THE MONADIC AGE
Stirred by rapid developments in automation and AI, manifold crises are about to culminate in a new paradigm of self-sufficiency—monadism—that overturns the liberal era and forces a reinvention of all social parameters.
The world is marked by deepening conflicts—between democracies and autocracies, woke and populist identity politics, rich and poor, continued environmental exploitation and harsh complications like climate change. In The Monadic Age, I argue that, stirred by rapid developments in automation and AI, these manifold crises are about to culminate in a new paradigm of self-sufficiency—monadism—that overturns the liberal era and forces a reinvention of all social parameters.

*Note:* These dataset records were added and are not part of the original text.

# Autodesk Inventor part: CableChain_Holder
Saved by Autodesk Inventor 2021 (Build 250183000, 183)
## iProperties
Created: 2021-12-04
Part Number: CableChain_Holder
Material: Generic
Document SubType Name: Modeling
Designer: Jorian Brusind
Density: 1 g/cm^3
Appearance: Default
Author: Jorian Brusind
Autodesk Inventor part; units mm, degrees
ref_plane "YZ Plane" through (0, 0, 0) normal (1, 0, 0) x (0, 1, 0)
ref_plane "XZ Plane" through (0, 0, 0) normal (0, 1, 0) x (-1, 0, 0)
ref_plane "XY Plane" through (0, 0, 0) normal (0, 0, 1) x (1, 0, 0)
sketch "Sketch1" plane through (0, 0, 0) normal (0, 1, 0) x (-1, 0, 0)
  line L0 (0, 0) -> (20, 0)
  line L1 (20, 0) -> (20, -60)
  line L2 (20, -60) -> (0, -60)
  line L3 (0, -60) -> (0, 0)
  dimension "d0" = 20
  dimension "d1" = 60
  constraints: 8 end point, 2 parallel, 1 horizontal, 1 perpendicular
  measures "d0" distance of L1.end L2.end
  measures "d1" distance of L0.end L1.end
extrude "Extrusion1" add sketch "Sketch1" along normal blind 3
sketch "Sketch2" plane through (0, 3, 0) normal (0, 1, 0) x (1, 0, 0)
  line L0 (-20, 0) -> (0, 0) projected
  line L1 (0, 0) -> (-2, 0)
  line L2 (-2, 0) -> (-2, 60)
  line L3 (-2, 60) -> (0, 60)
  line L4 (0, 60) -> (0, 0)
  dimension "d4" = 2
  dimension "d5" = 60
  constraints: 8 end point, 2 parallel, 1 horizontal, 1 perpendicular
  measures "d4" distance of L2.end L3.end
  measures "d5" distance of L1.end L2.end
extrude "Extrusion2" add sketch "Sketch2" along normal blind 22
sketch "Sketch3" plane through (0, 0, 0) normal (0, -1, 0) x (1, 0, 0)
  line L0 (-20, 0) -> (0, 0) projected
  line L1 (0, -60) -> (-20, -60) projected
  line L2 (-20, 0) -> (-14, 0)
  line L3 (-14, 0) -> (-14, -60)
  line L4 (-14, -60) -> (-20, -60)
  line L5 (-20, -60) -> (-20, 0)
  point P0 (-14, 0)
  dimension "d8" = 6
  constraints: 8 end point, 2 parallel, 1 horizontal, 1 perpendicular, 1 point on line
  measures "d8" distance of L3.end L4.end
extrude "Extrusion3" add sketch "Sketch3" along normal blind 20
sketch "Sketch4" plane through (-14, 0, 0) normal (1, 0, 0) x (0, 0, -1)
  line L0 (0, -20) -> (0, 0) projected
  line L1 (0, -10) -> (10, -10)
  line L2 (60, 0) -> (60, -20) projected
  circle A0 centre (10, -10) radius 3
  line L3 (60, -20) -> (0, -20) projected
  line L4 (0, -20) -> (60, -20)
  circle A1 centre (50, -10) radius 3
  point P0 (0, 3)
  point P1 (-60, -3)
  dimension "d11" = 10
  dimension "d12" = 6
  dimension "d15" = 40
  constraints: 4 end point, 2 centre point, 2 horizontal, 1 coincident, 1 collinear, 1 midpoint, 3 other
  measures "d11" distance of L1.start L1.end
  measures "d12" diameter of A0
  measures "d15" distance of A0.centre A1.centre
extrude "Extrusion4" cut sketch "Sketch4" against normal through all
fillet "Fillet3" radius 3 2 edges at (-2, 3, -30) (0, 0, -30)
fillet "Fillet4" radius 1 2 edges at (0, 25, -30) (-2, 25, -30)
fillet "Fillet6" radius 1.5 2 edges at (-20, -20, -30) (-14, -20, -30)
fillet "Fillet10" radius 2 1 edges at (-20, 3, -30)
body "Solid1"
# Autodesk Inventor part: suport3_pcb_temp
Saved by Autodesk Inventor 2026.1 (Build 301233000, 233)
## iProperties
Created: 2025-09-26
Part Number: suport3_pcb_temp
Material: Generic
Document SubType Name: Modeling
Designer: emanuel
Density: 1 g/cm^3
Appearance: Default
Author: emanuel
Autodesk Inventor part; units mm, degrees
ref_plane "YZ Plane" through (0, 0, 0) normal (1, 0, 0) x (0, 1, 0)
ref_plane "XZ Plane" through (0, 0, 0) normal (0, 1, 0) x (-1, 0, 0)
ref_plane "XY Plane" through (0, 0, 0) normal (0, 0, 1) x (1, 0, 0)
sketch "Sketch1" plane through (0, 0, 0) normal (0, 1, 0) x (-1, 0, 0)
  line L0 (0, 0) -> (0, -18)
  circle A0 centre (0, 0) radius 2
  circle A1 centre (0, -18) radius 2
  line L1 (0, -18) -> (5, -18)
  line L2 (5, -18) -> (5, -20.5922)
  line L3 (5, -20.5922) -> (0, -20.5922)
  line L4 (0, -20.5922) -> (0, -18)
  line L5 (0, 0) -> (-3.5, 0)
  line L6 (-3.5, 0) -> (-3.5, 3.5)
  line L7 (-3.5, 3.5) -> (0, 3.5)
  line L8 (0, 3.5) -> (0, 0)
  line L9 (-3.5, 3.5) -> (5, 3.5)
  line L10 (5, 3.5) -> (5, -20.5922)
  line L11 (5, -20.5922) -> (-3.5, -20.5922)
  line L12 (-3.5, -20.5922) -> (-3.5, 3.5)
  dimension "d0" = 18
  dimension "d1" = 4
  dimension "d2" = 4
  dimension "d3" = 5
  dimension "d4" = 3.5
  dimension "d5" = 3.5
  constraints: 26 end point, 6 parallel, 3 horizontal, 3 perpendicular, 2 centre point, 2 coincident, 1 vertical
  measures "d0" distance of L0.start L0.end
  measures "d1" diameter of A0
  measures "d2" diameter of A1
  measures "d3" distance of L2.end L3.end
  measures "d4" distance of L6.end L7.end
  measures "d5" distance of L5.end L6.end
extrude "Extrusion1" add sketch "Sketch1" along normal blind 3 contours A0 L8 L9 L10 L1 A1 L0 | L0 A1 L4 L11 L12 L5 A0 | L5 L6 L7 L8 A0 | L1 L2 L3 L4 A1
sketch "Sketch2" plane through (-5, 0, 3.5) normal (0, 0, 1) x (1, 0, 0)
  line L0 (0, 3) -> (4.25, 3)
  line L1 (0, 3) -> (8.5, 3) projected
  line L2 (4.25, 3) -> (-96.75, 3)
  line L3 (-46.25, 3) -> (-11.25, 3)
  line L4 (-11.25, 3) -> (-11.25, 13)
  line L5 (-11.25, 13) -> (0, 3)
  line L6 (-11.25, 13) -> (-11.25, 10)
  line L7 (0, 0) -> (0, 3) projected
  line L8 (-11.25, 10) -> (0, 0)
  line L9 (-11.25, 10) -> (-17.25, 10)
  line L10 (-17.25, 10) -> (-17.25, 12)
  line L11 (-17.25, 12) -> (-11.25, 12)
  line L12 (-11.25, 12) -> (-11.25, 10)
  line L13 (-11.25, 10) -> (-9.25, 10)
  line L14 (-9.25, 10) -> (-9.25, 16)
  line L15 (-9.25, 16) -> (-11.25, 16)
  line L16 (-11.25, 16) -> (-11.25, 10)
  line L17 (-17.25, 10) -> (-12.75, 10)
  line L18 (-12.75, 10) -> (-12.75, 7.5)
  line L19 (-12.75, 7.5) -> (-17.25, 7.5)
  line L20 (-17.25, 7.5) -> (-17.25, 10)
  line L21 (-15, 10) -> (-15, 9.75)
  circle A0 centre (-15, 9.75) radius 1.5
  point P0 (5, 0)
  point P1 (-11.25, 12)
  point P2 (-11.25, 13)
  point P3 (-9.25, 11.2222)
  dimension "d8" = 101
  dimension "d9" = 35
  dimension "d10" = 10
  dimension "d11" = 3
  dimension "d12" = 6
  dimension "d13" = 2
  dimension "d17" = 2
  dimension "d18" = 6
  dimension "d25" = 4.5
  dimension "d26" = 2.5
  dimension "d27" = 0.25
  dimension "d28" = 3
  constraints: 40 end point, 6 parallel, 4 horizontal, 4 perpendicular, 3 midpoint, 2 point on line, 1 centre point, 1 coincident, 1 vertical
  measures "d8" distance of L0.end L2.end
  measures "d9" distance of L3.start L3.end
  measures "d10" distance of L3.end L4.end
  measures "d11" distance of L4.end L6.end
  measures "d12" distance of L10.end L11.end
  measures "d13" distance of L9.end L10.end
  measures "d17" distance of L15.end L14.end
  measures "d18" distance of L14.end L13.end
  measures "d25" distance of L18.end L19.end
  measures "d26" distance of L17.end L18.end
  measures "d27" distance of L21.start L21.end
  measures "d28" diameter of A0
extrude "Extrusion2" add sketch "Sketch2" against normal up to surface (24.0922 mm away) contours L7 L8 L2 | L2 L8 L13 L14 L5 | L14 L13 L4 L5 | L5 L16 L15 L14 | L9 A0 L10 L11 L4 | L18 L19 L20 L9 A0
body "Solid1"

Today, two major post-liberal dispositions are unfolding. On the one side, people envision a harmonious community of all human and nonhuman beings (multi-species kinship, a rainbow of identities). On the other side, people isolate themselves within their own identities and belongings (filter bubbles, safe spaces, gated communities, charter cities, prepping). Monadism recognizes that these two seemingly contradictory dispositions stem from a similar understanding of the world: one is more optimistic, the other more pessimistic, but ultimately they’re interdependent. Before seeking harmony, we humans, a highly dominant species, must first of all restrain ourselves from coercive interactions with our environment. And to protect ourselves sufficiently from our environment, we must minimize its abuse.
The Monadic Age unfolds in thirty-three autonomous—monadic—essays on topics as diverse as environmentalism, terrorism, geopolitics, housing, the metaverse, nonbinarism, language, charity, euthanasia, identity politics, tattoos, ableism, AI, birthrates, war, religion, sex, and art.
Published by Sternberg Press
“Niermann exhibits an unrestrained appetite for intellectual speculation. His subject is the world, and how the sum of all our interactions creates a never-ending turbulence (of values). With a rare balance between heartlessness and generosity, he extrapolates embryonic symptoms to reveal systemic changes and new realities of a world that we have hesitated to explore with the same innocent yet ironclad lucidity.”
“If individuals are not only thought of as centers of their own world but also act as such, it forces a radically new understanding of the social. Examining such diverse fields as geopolitics, identity politics, housing, welfare, and love, The Monadic Age explains how governance and coexistence are nonetheless possible.”